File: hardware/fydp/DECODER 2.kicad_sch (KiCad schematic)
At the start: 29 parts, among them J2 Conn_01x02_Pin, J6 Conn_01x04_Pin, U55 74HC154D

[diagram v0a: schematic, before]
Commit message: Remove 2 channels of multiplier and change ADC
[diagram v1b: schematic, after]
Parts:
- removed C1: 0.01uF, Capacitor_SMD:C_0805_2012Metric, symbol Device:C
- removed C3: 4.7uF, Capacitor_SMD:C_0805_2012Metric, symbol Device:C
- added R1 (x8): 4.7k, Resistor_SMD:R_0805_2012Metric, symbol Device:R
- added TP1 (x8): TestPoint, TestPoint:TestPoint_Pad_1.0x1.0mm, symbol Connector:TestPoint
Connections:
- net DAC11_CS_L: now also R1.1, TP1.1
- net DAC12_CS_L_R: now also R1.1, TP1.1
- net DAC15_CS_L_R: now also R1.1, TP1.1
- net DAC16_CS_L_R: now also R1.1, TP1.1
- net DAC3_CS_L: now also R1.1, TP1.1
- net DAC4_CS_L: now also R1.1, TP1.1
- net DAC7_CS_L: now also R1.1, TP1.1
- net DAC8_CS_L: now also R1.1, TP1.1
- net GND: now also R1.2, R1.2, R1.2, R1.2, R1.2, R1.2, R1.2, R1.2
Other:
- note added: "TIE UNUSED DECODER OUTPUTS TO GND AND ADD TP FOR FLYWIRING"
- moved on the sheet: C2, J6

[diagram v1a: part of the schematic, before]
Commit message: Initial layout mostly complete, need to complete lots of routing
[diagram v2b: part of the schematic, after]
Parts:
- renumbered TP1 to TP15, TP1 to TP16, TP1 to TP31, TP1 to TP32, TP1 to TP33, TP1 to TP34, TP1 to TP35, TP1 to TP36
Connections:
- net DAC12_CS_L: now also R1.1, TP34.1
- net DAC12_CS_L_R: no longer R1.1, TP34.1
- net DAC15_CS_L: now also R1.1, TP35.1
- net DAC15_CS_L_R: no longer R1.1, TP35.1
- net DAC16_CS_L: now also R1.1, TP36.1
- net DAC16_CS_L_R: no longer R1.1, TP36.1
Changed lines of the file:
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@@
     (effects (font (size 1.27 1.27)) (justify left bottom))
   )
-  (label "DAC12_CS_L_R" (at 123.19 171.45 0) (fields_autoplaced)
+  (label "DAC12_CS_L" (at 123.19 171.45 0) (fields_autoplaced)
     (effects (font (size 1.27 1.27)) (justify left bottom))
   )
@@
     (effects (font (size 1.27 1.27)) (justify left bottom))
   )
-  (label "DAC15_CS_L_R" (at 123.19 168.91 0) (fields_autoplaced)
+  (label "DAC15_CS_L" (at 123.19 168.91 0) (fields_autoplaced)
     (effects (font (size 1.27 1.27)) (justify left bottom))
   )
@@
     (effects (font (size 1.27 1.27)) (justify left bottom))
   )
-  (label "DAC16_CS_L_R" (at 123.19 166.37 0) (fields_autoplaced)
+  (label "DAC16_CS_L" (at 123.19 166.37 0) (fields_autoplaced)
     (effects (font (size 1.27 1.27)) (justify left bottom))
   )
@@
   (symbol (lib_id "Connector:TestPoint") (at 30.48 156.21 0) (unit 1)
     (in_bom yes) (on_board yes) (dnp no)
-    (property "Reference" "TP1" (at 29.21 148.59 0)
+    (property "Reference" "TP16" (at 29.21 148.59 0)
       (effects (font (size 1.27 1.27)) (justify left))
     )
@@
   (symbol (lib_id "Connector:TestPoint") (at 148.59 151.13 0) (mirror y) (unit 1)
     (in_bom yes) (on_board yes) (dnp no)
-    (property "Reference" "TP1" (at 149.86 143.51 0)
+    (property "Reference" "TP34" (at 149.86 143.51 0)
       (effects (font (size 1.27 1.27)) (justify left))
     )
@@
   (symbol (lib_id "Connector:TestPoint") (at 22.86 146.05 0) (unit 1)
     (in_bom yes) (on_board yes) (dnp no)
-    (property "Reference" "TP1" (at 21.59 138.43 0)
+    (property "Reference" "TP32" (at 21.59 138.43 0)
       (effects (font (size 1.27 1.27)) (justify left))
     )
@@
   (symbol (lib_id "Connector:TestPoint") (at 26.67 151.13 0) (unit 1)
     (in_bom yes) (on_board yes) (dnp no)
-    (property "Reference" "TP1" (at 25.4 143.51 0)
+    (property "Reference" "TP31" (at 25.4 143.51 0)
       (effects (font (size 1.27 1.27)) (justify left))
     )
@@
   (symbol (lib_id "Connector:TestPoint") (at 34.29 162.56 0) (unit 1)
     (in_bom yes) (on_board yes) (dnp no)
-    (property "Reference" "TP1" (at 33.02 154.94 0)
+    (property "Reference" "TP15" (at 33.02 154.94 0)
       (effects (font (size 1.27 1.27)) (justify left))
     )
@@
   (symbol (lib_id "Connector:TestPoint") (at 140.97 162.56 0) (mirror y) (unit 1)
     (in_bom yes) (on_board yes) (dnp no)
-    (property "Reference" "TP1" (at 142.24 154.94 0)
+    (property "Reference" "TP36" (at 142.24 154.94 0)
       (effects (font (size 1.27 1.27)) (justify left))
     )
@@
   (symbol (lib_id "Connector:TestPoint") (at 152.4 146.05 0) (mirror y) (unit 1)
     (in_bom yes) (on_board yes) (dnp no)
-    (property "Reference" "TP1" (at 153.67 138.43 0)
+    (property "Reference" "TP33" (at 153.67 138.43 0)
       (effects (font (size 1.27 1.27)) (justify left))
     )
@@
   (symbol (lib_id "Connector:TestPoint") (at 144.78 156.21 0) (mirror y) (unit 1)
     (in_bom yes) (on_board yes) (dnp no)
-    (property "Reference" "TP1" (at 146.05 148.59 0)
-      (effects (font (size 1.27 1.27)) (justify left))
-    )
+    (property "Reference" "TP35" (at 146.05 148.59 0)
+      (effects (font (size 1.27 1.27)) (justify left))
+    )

------------------------------------------------------------

Scan the material above for the word "longer", and copy each line where it appears.

- net DAC12_CS_L_R: no longer R1.1, TP34.1
- net DAC15_CS_L_R: no longer R1.1, TP35.1
- net DAC16_CS_L_R: no longer R1.1, TP36.1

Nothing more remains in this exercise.